The difficulties of the pandemic

More than forty years after they were donated to the Museum the stories of social commitment of these works take on new meanings. Their trip to Europe, prepared and executed in the context of this pandemic, renewed this commitment, embodied in the workers of the museum and especially in the Collection Department.

In addition to the difficulties inherent in the transfer of patrimonial and large-scale works -in terms of preventive conservation-, the quarantine of the city of Santiago had to be overcome, with all its uncertainty. The efforts to carry out the restorations and framing that the works required to travel on loan had to conquer these obstacles and required a permit issued by the Chilean Ministry of Culture, Arts and Heritage, which recognized the public relevance of complying with the invitation of the Berlin Biennale.

«The history of the museum cannot be conceived without its collection and its archive. Traveling during times of hardship is in our DNA as a museum,» highlights Claudia Zaldívar.

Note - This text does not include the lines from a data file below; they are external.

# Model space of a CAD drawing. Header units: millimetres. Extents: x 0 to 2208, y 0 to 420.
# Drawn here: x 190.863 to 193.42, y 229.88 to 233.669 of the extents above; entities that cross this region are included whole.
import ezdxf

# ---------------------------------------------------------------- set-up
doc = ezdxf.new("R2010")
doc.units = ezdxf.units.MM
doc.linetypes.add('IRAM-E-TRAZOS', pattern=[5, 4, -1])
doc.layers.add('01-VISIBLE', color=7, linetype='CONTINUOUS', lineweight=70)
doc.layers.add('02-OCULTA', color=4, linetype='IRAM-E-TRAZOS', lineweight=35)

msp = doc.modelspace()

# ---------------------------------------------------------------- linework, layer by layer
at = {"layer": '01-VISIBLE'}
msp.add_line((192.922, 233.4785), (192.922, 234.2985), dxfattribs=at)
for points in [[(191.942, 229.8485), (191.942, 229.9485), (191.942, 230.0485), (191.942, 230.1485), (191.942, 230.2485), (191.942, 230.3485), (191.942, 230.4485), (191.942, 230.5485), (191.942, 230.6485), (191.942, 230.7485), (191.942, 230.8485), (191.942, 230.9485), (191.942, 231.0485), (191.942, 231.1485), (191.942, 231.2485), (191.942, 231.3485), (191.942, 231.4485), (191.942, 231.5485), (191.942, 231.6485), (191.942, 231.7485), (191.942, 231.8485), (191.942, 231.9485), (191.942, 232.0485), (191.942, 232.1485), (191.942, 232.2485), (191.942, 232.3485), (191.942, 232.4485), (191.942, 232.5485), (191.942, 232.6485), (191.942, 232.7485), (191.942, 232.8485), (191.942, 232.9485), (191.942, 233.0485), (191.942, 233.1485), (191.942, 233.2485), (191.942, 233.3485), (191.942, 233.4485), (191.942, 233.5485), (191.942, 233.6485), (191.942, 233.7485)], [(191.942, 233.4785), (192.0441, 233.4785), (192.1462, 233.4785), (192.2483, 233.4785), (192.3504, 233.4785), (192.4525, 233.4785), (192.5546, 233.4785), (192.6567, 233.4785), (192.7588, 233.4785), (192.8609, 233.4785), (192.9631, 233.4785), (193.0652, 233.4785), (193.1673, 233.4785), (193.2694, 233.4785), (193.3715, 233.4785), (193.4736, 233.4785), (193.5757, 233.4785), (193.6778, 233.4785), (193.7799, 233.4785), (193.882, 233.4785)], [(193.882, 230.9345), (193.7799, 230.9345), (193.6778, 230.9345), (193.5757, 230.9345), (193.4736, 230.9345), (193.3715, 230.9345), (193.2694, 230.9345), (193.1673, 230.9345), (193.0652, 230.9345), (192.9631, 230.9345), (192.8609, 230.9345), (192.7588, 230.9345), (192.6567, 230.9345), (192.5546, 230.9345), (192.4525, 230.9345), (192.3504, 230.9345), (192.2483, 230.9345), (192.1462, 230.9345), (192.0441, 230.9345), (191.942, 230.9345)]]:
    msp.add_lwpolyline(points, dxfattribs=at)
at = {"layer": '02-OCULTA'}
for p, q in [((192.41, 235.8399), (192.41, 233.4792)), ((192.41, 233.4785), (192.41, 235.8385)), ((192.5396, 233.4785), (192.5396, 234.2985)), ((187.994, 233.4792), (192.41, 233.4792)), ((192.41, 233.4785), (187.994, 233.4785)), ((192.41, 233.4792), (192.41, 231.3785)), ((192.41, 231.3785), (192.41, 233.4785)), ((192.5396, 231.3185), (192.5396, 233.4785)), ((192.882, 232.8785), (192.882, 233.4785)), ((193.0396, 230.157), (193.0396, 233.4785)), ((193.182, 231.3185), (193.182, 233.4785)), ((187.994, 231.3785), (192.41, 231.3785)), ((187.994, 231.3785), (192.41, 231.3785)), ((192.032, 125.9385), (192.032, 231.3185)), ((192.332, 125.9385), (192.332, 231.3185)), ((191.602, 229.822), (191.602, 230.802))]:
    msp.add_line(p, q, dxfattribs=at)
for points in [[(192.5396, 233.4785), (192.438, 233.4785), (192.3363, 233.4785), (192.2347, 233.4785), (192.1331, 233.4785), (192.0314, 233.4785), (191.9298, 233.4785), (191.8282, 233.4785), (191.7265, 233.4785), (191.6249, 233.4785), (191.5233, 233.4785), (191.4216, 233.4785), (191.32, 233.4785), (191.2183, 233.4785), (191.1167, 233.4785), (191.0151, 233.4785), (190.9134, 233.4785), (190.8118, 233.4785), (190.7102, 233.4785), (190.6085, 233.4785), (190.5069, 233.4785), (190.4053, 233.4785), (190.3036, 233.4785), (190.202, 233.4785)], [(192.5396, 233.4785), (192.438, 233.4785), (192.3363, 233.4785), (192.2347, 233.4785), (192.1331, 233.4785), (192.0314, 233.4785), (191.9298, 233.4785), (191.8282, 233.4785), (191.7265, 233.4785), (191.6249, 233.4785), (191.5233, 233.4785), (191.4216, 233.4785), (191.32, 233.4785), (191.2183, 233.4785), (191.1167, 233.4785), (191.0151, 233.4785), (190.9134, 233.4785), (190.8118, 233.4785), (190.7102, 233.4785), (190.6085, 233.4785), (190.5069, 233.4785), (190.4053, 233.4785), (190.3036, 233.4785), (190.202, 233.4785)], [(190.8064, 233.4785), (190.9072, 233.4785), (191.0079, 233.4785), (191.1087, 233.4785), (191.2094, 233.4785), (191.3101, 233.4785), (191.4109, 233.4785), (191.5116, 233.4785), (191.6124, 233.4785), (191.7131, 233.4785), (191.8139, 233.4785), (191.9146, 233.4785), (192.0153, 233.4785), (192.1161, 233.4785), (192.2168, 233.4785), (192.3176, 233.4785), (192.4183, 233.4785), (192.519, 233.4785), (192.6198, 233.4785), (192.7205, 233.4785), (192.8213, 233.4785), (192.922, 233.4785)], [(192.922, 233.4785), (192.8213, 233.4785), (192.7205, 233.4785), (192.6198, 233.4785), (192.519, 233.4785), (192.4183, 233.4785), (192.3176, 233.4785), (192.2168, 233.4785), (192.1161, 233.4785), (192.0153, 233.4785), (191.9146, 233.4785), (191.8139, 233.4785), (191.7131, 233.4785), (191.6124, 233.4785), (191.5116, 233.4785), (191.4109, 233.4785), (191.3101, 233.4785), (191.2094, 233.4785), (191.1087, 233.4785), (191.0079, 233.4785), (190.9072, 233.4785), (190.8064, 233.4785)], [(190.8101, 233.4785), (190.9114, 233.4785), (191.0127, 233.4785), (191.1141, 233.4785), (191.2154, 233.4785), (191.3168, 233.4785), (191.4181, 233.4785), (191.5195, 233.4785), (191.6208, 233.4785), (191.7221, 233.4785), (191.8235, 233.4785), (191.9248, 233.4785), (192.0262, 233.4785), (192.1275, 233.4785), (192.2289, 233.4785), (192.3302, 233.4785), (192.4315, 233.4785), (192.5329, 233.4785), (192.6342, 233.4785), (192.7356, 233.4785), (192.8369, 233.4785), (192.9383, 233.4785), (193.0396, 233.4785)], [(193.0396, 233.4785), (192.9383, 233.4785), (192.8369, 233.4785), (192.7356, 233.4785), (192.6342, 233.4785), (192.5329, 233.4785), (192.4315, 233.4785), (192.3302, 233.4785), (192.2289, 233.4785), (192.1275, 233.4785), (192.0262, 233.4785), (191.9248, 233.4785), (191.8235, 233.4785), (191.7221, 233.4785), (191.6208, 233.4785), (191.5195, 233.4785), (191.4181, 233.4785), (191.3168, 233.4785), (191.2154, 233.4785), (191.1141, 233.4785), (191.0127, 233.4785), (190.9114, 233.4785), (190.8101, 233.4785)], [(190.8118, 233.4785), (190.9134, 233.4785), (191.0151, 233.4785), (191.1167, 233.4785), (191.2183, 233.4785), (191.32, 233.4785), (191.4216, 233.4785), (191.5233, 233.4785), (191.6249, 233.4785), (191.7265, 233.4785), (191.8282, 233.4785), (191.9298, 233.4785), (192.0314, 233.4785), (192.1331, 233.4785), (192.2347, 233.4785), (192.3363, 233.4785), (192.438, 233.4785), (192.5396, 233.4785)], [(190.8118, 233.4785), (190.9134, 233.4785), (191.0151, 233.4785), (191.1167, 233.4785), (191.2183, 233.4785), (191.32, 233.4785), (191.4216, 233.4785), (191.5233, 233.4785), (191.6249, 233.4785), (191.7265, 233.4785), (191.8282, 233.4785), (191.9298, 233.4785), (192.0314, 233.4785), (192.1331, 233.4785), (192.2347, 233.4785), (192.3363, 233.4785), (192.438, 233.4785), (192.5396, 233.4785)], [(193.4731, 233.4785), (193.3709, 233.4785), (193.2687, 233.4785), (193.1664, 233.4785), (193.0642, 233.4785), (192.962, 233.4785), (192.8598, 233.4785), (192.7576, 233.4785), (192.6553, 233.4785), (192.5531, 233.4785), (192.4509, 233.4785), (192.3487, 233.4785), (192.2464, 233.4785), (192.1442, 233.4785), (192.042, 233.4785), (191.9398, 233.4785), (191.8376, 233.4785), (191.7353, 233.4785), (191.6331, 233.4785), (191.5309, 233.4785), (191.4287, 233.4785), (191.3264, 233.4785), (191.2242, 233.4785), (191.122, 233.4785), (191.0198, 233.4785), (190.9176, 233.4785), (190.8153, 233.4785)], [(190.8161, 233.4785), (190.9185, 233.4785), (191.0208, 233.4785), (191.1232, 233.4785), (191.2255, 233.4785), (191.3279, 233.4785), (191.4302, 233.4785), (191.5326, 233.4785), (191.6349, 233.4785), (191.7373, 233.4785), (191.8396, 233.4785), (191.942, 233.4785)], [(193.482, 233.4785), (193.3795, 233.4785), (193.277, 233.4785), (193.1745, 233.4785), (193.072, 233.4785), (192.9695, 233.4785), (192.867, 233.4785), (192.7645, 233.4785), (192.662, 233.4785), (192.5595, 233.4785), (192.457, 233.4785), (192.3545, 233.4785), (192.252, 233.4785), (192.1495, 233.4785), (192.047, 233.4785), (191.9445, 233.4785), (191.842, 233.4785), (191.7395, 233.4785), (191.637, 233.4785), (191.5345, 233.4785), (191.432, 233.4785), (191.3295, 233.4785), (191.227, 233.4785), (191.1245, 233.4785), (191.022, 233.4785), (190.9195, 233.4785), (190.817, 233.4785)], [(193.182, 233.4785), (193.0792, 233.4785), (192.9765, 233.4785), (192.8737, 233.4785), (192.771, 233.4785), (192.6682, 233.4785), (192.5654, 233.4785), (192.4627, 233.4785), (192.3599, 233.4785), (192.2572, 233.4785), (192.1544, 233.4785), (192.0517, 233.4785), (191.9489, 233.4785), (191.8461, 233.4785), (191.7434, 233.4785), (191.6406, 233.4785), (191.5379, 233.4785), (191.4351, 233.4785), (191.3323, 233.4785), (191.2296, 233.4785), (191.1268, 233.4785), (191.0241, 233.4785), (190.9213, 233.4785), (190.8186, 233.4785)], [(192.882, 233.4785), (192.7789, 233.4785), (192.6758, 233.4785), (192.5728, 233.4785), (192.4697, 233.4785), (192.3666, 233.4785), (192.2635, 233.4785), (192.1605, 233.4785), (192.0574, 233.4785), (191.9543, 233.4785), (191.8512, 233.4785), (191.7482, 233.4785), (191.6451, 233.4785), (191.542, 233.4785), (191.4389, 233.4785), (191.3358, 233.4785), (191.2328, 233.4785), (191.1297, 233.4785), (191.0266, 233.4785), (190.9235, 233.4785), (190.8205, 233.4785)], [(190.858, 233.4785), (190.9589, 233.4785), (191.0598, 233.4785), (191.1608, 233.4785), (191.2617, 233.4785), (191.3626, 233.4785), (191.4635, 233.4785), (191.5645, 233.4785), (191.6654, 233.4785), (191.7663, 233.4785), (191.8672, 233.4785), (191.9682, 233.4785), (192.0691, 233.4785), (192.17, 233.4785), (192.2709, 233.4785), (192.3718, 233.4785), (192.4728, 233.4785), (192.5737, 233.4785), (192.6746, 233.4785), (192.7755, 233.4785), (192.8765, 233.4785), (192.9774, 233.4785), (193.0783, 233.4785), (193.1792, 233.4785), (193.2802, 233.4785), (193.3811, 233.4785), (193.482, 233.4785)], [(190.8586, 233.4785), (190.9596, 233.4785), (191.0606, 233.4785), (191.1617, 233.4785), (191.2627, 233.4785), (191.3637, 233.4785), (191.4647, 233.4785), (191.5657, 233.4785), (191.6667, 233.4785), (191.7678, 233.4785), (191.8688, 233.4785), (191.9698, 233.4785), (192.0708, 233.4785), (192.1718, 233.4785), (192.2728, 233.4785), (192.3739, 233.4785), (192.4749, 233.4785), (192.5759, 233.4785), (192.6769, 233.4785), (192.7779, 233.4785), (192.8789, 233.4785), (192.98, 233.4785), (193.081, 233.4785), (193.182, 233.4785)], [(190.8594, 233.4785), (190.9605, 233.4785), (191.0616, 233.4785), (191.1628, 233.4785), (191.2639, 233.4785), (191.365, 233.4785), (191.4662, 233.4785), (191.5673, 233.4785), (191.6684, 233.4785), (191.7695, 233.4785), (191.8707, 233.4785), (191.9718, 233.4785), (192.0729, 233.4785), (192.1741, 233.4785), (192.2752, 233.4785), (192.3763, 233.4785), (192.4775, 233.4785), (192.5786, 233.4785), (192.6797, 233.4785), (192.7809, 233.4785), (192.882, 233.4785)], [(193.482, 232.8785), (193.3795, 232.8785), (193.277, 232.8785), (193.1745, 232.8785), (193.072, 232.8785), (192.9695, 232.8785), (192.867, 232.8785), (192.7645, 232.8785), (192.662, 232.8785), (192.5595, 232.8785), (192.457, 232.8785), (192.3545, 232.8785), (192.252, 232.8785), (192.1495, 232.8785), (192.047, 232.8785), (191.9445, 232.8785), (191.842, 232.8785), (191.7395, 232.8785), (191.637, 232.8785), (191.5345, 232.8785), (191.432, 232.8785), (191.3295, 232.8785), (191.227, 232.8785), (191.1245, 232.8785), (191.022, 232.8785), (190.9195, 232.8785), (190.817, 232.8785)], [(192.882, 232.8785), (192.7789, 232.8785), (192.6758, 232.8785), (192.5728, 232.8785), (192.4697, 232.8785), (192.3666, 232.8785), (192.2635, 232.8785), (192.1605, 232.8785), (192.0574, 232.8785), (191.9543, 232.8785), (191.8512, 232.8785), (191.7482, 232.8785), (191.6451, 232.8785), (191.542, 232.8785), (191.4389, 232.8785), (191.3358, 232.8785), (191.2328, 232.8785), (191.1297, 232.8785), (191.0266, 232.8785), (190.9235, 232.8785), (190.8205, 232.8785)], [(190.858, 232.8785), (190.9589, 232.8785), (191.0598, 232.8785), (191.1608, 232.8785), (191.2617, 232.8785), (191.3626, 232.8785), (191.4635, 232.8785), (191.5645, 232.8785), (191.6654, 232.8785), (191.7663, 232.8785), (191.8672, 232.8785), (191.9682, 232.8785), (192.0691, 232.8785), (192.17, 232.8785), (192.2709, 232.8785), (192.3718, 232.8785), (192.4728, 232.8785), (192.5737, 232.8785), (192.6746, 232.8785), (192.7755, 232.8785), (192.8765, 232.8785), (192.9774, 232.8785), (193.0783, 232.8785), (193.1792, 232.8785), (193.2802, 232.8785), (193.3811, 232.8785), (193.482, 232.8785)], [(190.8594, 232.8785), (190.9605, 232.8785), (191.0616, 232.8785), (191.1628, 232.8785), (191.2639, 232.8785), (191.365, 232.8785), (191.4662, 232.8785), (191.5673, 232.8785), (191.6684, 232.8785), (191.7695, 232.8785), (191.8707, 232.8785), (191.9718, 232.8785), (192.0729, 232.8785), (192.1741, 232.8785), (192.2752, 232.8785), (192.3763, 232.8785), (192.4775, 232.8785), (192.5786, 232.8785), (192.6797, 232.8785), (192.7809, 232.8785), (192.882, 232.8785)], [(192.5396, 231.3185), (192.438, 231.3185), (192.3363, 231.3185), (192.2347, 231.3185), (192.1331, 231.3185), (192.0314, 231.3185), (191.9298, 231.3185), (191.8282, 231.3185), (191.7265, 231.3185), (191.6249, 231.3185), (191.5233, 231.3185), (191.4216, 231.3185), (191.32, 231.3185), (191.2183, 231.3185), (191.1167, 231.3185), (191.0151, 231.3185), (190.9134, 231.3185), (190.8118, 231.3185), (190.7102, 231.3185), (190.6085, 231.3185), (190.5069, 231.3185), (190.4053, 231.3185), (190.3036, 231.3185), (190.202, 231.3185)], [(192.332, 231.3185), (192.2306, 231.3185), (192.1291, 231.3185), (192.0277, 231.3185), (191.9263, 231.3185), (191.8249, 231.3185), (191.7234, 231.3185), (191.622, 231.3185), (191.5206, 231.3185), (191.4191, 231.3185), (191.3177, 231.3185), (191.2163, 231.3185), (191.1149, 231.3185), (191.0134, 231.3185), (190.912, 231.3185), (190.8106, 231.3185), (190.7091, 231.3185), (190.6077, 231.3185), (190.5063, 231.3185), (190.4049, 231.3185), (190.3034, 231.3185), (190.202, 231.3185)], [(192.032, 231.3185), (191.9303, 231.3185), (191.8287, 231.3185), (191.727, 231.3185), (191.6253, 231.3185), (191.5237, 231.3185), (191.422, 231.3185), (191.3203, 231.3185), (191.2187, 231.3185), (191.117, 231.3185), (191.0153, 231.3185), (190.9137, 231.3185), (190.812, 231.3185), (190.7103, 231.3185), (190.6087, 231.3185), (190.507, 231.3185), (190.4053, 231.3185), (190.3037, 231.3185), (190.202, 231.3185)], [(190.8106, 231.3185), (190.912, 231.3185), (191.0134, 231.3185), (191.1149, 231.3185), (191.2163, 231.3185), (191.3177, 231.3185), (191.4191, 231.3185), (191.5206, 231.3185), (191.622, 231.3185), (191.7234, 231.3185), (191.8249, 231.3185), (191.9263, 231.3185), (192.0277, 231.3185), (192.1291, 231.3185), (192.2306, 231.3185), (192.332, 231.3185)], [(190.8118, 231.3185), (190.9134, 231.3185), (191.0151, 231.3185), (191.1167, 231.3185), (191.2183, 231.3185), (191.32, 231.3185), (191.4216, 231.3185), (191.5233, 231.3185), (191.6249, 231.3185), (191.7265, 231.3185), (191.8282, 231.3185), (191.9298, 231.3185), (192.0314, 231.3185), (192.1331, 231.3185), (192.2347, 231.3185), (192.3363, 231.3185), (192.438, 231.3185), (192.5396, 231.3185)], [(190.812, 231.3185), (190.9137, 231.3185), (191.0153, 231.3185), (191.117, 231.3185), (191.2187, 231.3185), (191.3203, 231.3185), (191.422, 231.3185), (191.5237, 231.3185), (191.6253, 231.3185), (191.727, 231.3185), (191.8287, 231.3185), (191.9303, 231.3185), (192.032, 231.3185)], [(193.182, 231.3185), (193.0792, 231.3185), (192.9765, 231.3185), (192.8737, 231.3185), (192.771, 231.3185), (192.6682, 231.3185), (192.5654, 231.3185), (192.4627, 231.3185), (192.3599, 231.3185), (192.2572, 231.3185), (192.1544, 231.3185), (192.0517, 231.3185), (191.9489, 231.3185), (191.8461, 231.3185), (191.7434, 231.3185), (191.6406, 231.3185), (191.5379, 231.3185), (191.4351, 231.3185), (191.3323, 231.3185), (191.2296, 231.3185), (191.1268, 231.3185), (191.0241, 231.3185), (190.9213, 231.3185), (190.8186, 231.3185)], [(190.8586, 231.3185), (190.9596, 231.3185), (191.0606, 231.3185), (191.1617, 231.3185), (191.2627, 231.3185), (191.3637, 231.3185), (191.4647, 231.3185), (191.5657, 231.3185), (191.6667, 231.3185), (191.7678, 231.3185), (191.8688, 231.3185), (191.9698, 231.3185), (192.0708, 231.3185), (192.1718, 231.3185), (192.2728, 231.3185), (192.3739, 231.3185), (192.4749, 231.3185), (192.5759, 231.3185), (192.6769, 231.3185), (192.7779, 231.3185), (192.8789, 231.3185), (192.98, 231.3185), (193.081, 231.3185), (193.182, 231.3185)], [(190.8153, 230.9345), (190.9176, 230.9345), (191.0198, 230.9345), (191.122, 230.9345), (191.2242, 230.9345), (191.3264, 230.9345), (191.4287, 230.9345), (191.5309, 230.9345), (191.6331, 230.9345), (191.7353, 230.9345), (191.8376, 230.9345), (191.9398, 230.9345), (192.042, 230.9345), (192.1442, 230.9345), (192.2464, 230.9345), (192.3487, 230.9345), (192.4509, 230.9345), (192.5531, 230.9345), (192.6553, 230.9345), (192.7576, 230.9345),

This history had already begun to be reviewed by international exhibitions such as Past Disquiet (2018) by Kristine Khouri and Rasha Salti at MACBA in Barcelona, HKW in Berlin and Sursock Museum in Beirut; Southern Constellations: The Poetics of the Non-Aligned (2019) by Bojana Piškur at Moderna Galerija in Ljubljana; and Solidarity Spores (2020) at the Asia Culture Center (ACC) in Gwangju, South Korea.

Meanwhile in Chile, the MSSA remains closed to visitors, but is in permanent contact with the community through its website and social networks, as it prepares to open the exhibition Red that invites, through over 100 works from the Collection, to reflect on the renewing force of that color.